Using the data below, set down every line from the one containing "At the start: 30" through the one containing "[diagram v2b: part of the schematic, after]", inclusive and unchanged. Pictures are to be skipped.

(Saved entries)
▬▬▬▬▬▬
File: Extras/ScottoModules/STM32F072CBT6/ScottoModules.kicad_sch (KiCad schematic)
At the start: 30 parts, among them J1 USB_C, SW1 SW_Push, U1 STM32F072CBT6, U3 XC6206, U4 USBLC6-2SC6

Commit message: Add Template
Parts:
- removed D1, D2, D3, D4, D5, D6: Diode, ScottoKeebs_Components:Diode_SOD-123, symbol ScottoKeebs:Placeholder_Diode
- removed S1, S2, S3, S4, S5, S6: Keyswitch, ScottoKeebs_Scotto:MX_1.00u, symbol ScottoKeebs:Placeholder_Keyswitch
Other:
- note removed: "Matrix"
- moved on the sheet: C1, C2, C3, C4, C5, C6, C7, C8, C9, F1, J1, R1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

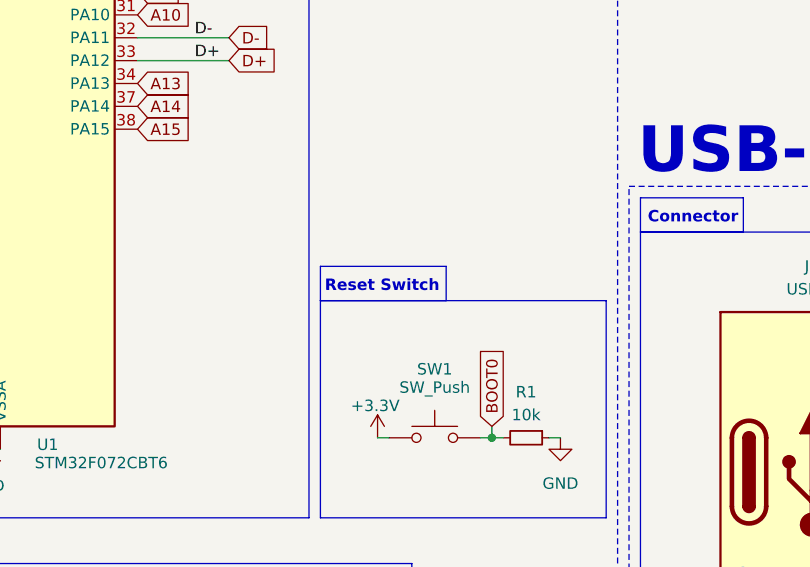
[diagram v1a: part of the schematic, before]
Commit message: Rename reset to boot button for clarity
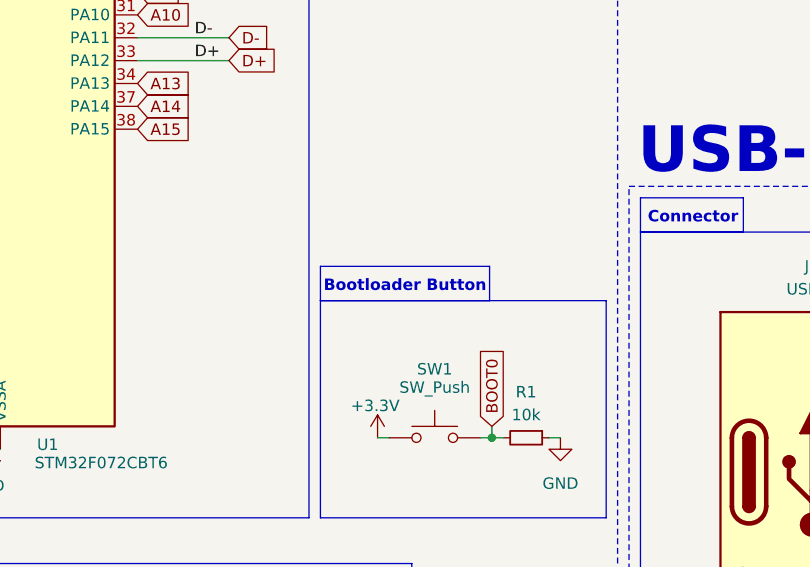
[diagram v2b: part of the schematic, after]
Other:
- note added: "Bootloader Button"
- note removed: "Reset Switch"
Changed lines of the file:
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@@
 	(rectangle
 		(start 85.09 224.79)
-		(end 99.06 228.6)
+		(end 103.886 228.6)
 		(stroke
 			(width 0)
@@
 		)
 	)
-	(text "Reset Switch"
+	(text "Bootloader Button"
 		(exclude_from_sim no)
-		(at 91.948 227.076 0)
+		(at 94.488 227.076 0)
 		(effects
 			(font
▬▬▬▬▬▬
◆ **TASK RESULT**:
At the start: 30 parts, among them J1 USB_C, SW1 SW_Push, U1 STM32F072CBT6, U3 XC6206, U4 USBLC6-2SC6

Commit message: Add Template
Parts:
- removed D1, D2, D3, D4, D5, D6: Diode, ScottoKeebs_Components:Diode_SOD-123, symbol ScottoKeebs:Placeholder_Diode
- removed S1, S2, S3, S4, S5, S6: Keyswitch, ScottoKeebs_Scotto:MX_1.00u, symbol ScottoKeebs:Placeholder_Keyswitch
Other:
- note removed: "Matrix"
- moved on the sheet: C1, C2, C3, C4, C5, C6, C7, C8, C9, F1, J1, R1

[diagram v1a: part of the schematic, before]
Commit message: Rename reset to boot button for clarity
[diagram v2b: part of the schematic, after]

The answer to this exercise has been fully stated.